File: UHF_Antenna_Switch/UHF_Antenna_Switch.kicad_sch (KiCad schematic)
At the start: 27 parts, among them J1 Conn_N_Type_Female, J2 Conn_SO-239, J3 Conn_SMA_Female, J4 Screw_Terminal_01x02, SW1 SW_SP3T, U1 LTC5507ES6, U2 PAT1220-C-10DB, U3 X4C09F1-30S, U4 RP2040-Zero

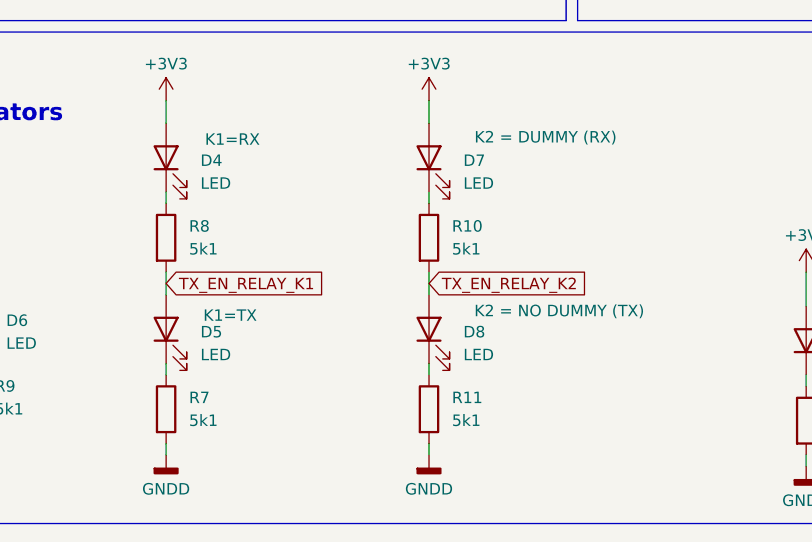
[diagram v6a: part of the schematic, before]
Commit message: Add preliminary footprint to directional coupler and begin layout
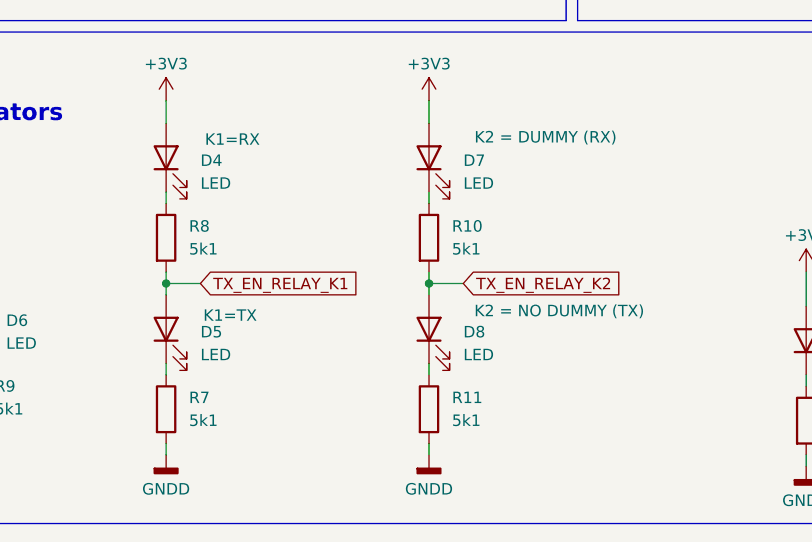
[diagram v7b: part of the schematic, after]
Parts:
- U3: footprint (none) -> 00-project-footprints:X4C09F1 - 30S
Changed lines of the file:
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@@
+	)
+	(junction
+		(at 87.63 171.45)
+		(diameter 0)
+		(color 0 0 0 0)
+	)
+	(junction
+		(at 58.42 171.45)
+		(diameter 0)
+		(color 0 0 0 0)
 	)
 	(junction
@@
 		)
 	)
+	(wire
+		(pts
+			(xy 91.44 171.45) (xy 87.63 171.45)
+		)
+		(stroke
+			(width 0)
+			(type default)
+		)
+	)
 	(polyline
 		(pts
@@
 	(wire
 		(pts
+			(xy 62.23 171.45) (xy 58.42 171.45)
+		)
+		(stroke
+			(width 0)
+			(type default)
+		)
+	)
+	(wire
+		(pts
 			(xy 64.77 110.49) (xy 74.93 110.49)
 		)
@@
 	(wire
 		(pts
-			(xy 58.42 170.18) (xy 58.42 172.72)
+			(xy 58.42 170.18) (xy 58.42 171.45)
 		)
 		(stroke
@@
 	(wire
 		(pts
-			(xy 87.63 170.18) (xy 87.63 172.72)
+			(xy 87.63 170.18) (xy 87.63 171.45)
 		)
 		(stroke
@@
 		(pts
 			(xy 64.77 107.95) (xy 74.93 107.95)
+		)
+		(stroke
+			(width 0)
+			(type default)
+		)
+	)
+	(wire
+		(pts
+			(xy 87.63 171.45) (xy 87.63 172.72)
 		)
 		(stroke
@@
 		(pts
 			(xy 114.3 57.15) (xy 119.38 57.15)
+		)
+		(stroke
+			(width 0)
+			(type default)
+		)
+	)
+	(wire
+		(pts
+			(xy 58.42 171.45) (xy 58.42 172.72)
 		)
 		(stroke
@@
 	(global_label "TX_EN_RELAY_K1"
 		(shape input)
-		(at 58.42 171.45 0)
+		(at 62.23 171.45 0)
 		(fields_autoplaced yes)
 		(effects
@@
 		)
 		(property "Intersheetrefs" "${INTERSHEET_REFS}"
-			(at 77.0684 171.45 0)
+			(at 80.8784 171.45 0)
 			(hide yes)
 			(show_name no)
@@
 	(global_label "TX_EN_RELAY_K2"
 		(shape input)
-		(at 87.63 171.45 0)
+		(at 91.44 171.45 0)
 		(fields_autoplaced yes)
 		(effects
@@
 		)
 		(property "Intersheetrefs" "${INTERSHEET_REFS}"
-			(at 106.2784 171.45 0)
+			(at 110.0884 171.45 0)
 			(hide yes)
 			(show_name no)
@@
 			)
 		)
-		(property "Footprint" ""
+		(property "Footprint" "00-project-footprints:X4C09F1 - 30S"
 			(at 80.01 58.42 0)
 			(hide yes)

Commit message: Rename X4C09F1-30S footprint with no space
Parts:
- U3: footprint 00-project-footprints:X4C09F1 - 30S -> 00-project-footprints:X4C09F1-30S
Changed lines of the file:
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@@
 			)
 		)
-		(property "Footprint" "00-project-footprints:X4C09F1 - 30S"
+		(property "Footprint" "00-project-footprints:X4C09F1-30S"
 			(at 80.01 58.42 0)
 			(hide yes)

§ §

» Prompt
Please give an exact copy of the lines above, beginning with the line containing "(xy 64.77 110.49) (xy 74.93 110.49)" and running through the line containing "62.23 171.45 0)", and of no other lines.

» Answer to this task
 			(xy 64.77 110.49) (xy 74.93 110.49)
 		)
@@
 	(wire
 		(pts
-			(xy 58.42 170.18) (xy 58.42 172.72)
+			(xy 58.42 170.18) (xy 58.42 171.45)
 		)
 		(stroke
@@
 	(wire
 		(pts
-			(xy 87.63 170.18) (xy 87.63 172.72)
+			(xy 87.63 170.18) (xy 87.63 171.45)
 		)
 		(stroke
@@
 		(pts
 			(xy 64.77 107.95) (xy 74.93 107.95)
+		)
+		(stroke
+			(width 0)
+			(type default)
+		)
+	)
+	(wire
+		(pts
+			(xy 87.63 171.45) (xy 87.63 172.72)
 		)
 		(stroke
@@
 		(pts
 			(xy 114.3 57.15) (xy 119.38 57.15)
+		)
+		(stroke
+			(width 0)
+			(type default)
+		)
+	)
+	(wire
+		(pts
+			(xy 58.42 171.45) (xy 58.42 172.72)
 		)
 		(stroke
@@
 	(global_label "TX_EN_RELAY_K1"
 		(shape input)
-		(at 58.42 171.45 0)
+		(at 62.23 171.45 0)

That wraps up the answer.